# What happens when we go on Euro Tunnel.



## Nora+Neil

Don't laugh please.

What happens when we go on Euro Tunnel.
Do we stay in the Motorhome?
Do we have wifi?

Thanks.


----------



## peejay

Hi N&N,

Yes, you stay in the motorhome for the duration.

Not sure about wifi but I don't think so.

Pete


----------



## bognormike

Hi N&N

no problems. It's as easy as pie - you stay on board and relax, no wi-fi :roll: . you can't use the gas while on board, so you can't do a brew, but you could do one in the queue, and have a drink & a bite to eat on the crossing. You can walk about & chat to other people, and go to the nearest loo if you want.


----------



## xgx

Nora+Neil said:


> What happens when we go on Euro Tunnel.
> Do we stay in the Motorhome?
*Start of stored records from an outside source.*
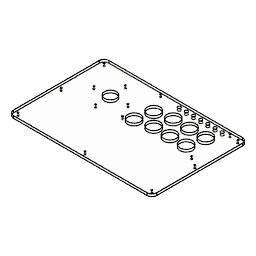
ArcadeStickAcrylicTopLayer (Autodesk Fusion 360 design; units mm, degrees)
part number: 2026-04-12-21-15-11-073
Autodesk Fusion 360 part; units mm, degrees
sketch "Sketch1" plane through (0, 0, 0) normal (0, 0, 1) x (1, 0, 0)
  line L0 (140, 100) -> (-140, 100)
  line L1 (-150, 90) -> (-150, -90)
  line L2 (-140, -100) -> (140, -100)
  line L3 (150, -90) -> (150, 90)
  line L4 (150, 100) -> (-150, -100) construction
  line L5 (-150, 100) -> (150, -100) construction
  arc A0 (-140, 100) -> (-150, 90) centre (-140, 90) ccw
  arc A1 (150, 90) -> (140, 100) centre (140, 90) ccw
  arc A2 (-150, -90) -> (-140, -100) centre (-140, -90) ccw
  arc A3 (140, -100) -> (150, -90) centre (140, -90) ccw
  circle A4 centre (-140, 90) radius 1.75
  circle A5 centre (-140, -90) radius 1.75
  circle A6 centre (140, -90) radius 1.75
  circle A7 centre (140, 90) radius 1.75
  circle A8 centre (-24.5, 93) radius 1.75
  circle A9 centre (120.5, 93) radius 1.75
  circle A10 centre (120.5, 13) radius 1.75
  circle A11 centre (-24.5, 13) radius 1.75
  circle A12 centre (-9.217, 22.009) radius 13.25
  circle A13 centre (-2.217, 56.009) radius 13.25
  circle A14 centre (24.783, 29.009) radius 13.25
  circle A15 centre (31.783, 63.009) radius 13.25
  circle A16 centre (65.783, 63.009) radius 13.25
  circle A17 centre (58.783, 29.009) radius 13.25
  circle A18 centre (92.783, 29.009) radius 13.25
  circle A19 centre (99.783, 63.009) radius 13.25
  circle A20 centre (108.5, 88.75) radius 3.25
  circle A21 centre (93.5, 88.75) radius 3.25
  circle A22 centre (78.5, 88.75) radius 3.25
  circle A23 centre (63.5, 88.75) radius 3.25
  circle A24 centre (33.5, 88.75) radius 3.25
  circle A25 centre (48.5, 88.75) radius 3.25
  circle A26 centre (18.5, 88.75) radius 3.25
  circle A27 centre (-75.717, 39.009) radius 12.5
  circle A28 centre (-77.417, 71.909) radius 1.75
  circle A29 centre (-108.617, 37.309) radius 1.75
  circle A30 centre (-74.017, 6.109) radius 1.75
  circle A31 centre (-40.817, 40.709) radius 1.75
  circle A32 centre (-140, 0) radius 1.75
  circle A33 centre (140, 0) radius 1.75
  circle A34 centre (0, -90) radius 1.75
  dimension "d1" = 300
  dimension "d2" = 200
  dimension "d3" = 10
  dimension "d4" = 10
  dimension "d5" = 10
  dimension "d6" = 10
  dimension "d7" = 3.5
  dimension "d8" = 3.5
  dimension "d9" = 3.5
  dimension "d10" = 3.5
  dimension "d13" = 3.5
  dimension "d14" = 145
  dimension "d15" = 3.5
  dimension "d16" = 3.5
  dimension "d17" = 145
  dimension "d18" = 3.5
  dimension "d21" = 26.5
  dimension "d22" = 26.5
  dimension "d23" = 26.5
  dimension "d24" = 26.5
  dimension "d25" = 26.5
  dimension "d26" = 26.5
  dimension "d27" = 26.5
  dimension "d28" = 26.5
  dimension "d31" = 6.5
  dimension "d32" = 6.5
  dimension "d33" = 6.5
  dimension "d34" = 6.5
  dimension "d35" = 6.5
  dimension "d36" = 6.5
  dimension "d37" = 6.5
  dimension "d41" = 25
  dimension "d44" = 3.5
  dimension "d58" = 3.5
  dimension "d59" = 3.5
  dimension "d60" = 3.5
  constraint horizontal L0
  constraint perpendicular L0 L1
  constraint parallel L0 L2
  constraint parallel L1 L3
  constraint coincident L4 origin
  constraint coincident L5 origin
  constraint coincident L5.start L0
  constraint coincident L5.start L1
  constraint tangent L0 A0
  constraint tangent L1 A0
  constraint coincident L4.start L0
  constraint coincident L4.start L3
  constraint tangent L0 A1
  constraint tangent L3 A1
  constraint coincident L4.end L1
  constraint coincident L4.end L2
  constraint tangent L1 A2
  constraint tangent L2 A2
  constraint coincident L5.end L3
  constraint coincident L5.end L2
  constraint tangent L3 A3
  constraint tangent L2 A3
  constraint concentric A0 A4
  constraint concentric A2 A5
  constraint concentric A3 A6
  constraint concentric A1 A7
  measures "d1" distance of L4.end L5.end
  measures "d2" distance of L5.start L4.end
  measures "d3" radius of A0
  measures "d4" radius of A1
  measures "d5" radius of A2
  measures "d6" radius of A3
  measures "d7" diameter of A4
  measures "d8" diameter of A5
  measures "d9" diameter of A6
  measures "d10" diameter of A7
  measures "d13" diameter of A8
  measures "d14" distance of A8.centre A9.centre
  measures "d15" diameter of A9
  measures "d16" diameter of A11
  measures "d17" distance of A11.centre A10.centre
  measures "d18" diameter of A10
  measures "d21" diameter of A12
  measures "d22" diameter of A13
  measures "d23" diameter of A14
  measures "d24" diameter of A15
  measures "d25" diameter of A17
  measures "d26" diameter of A16
  measures "d27" diameter of A18
  measures "d28" diameter of A19
  measures "d31" diameter of A20
  measures "d32" diameter of A21
  measures "d33" diameter of A22
  measures "d34" diameter of A23
  measures "d35" diameter of A25
  measures "d36" diameter of A24
  measures "d37" diameter of A26
  measures "d41" diameter of A27
  measures "d44" diameter of A28
  measures "d58" diameter of A32
  measures "d59" diameter of A33
  measures "d60" diameter of A34
sketch "Sketch2" plane through (0, 0, 5) normal (0, 0, 1) x (-1, 0, 0)
  circle A0 centre (77.417, -71.909) radius 1.75
  circle A1 centre (9.217, -22.009) radius 13.25
  circle A2 centre (-108.5, -88.75) radius 3.25
  circle A3 centre (-58.783, -29.009) radius 13.25
  circle A4 centre (-93.5, -88.75) radius 3.25
  circle A5 centre (40.817, -40.709) radius 1.75
  circle A6 centre (140, 90) radius 1.75
  circle A7 centre (24.5, -93) radius 1.75
  circle A8 centre (-63.5, -88.75) radius 3.25
  circle A9 centre (-18.5, -88.75) radius 3.25
  circle A10 centre (-99.783, -63.009) radius 13.25
  circle A11 centre (-33.5, -88.75) radius 3.25
  circle A12 centre (108.617, -37.309) radius 1.75
  circle A13 centre (-92.783, -29.009) radius 13.25
  circle A14 centre (-48.5, -88.75) radius 3.25
  circle A15 centre (-65.783, -63.009) radius 13.25
  circle A16 centre (140, -90) radius 1.75
  circle A17 centre (24.5, -13) radius 1.75
  circle A18 centre (-120.5, -13) radius 1.75
  circle A19 centre (-78.5, -88.75) radius 3.25
  circle A20 centre (-140, -90) radius 1.75
  circle A21 centre (-31.783, -63.009) radius 13.25
  circle A22 centre (-140, 90) radius 1.75
  circle A23 centre (74.017, -6.109) radius 1.75
  circle A24 centre (2.217, -56.009) radius 13.25
  circle A25 centre (75.717, -39.009) radius 12.5
  circle A26 centre (-120.5, -93) radius 1.75
  circle A27 centre (-24.783, -29.009) radius 13.25
  arc A28 (-140, 100) -> (-150, 90) centre (-140, 90) ccw
  line L0 (-150, 90) -> (-150, -90)
  arc A29 (-150, -90) -> (-140, -100) centre (-140, -90) ccw
  line L1 (-140, -100) -> (140, -100)
  arc A30 (140, -100) -> (150, -90) centre (140, -90) ccw
  line L2 (150, -90) -> (150, 90)
  arc A31 (150, 90) -> (140, 100) centre (140, 90) ccw
  line L3 (140, 100) -> (-140, 100)
  circle A32 centre (77.717, -62.659) radius 1.75
  circle A33 centre (99.367, -37.009) radius 1.75
  circle A34 centre (73.717, -15.359) radius 1.75
  circle A35 centre (52.067, -41.009) radius 1.75
  dimension "d53" = 3.5
  dimension "d55" = 360
  measures "d53" diameter of A32
extrude "Extrude4" add sketch "Sketch1" along normal blind 5
extrude "Extrude5" cut sketch "Sketch2" against normal blind 5 contours A32 | A33 | A34 | A35
sketch "Sketch3" plane through (0, 0, 5) normal (0, 0, 1) x (-1, 0, 0)
  circle A0 centre (99.367, -37.009) radius 1.75
  circle A1 centre (73.717, -15.359) radius 1.75
  circle A2 centre (77.717, -62.659) radius 1.75
  circle A3 centre (52.067, -41.009) radius 1.75
  circle A4 centre (140, 0) radius 1.75
  circle A5 centre (-63.5, -88.75) radius 3.25
  circle A6 centre (108.617, -37.309) radius 1.75
  circle A7 centre (-140, 0) radius 1.75
  circle A8 centre (-48.5, -88.75) radius 3.25
  circle A9 centre (-108.5, -88.75) radius 3.25
  circle A10 centre (24.5, -13) radius 1.75
  circle A11 centre (-78.5, -88.75) radius 3.25
  circle A12 centre (9.217, -22.009) radius 13.25
  circle A13 centre (-140, -90) radius 1.75
  circle A14 centre (2.217, -56.009) radius 13.25
  circle A15 centre (-120.5, -13) radius 1.75
  circle A16 centre (-120.5, -93) radius 1.75
  circle A17 centre (-31.783, -63.009) radius 13.25
  circle A18 centre (140, 90) radius 1.75
  circle A19 centre (75.717, -39.009) radius 12.5
  circle A20 centre (-18.5, -88.75) radius 3.25
  circle A21 centre (-58.783, -29.009) radius 13.25
  circle A22 centre (-65.783, -63.009) radius 13.25
  circle A23 centre (40.817, -40.709) radius 1.75
  circle A24 centre (24.5, -93) radius 1.75
  circle A25 centre (-140, 90) radius 1.75
  circle A26 centre (-99.783, -63.009) radius 13.25
  circle A27 centre (-92.783, -29.009) radius 13.25
  circle A28 centre (140, -90) radius 1.75
  circle A29 centre (77.417, -71.909) radius 1.75
  circle A30 centre (74.017, -6.109) radius 1.75
  circle A31 centre (-24.783, -29.009) radius 13.25
  circle A32 centre (0, 90) radius 1.75
  circle A33 centre (-33.5, -88.75) radius 3.25
  circle A34 centre (-93.5, -88.75) radius 3.25
  arc A35 (-140, 100) -> (-150, 90) centre (-140, 90) ccw
  line L0 (-150, 90) -> (-150, -90)
  arc A36 (-150, -90) -> (-140, -100) centre (-140, -90) ccw
  line L1 (-140, -100) -> (140, -100)
  arc A37 (140, -100) -> (150, -90) centre (140, -90) ccw
  line L2 (150, -90) -> (150, 90)
  arc A38 (150, 90) -> (140, 100) centre (140, 90) ccw
  line L3 (140, 100) -> (-140, 100)
extrude "Extrude6" add sketch "Sketch2" against normal up to surface (5 mm away) contours A32 | A33 | A34 | A35
extrude "Extrude1" [suppressed]

Yes
> Do we have wifi?  notas far as I know
> 
> Thanks.


 

You'll have time for a leisurely cuppa (Flask of hot water) .... and a buttie .... but not quite enough time to wash up :wink:


----------



## aikidomo

Look on Utube shows you what happens, Wi Fi.............dont think so. :roll:

http://www.youtube.com/results?search_query=eurotunnel+folkestone&aq=5

clive


----------



## Nora+Neil

Thanks to all.

Have watched the YouTube.

We will bring a flask for the cuppa.


----------



## hogan

You can get free wifi in the Euro tunnel main building (the bit where the shops are)
But not on the train.
Not even g.p.s will work on the train not sure why ??????
Oh and the view is cr**p dont know why they bothered with windows :roll:


----------



## Stanner

Last few times we went we didn't even get the "on-board radio" let alone wifi and we gave up trying to find a loo that wasn't out of order.

Partly why we gave up using them - another was because we had used up all our "Points Plus" free trips and also that we never ever seemed to get on the crossing we had booked for, usually the one after it or even the one after that.

It was 2 or 3 years ago when the "service" seemed to have reached an all time low - even the on-train staff seemed fed up with having to keep apologising for the bits that didn't work.

Shame because other than that it beat the ferries hands down.


----------



## eddied

*Chunnel*

:roll: watched the U toob video. Really put me off. It seems a very narrow tunnel, and traffic queues as soon as you enter it! And no Wi Fi or GPS.  No thank you. :lol: 
saluti,
eddied


----------



## steco1958

Be careful, you get transported through a black hole to a strange and wonderful place.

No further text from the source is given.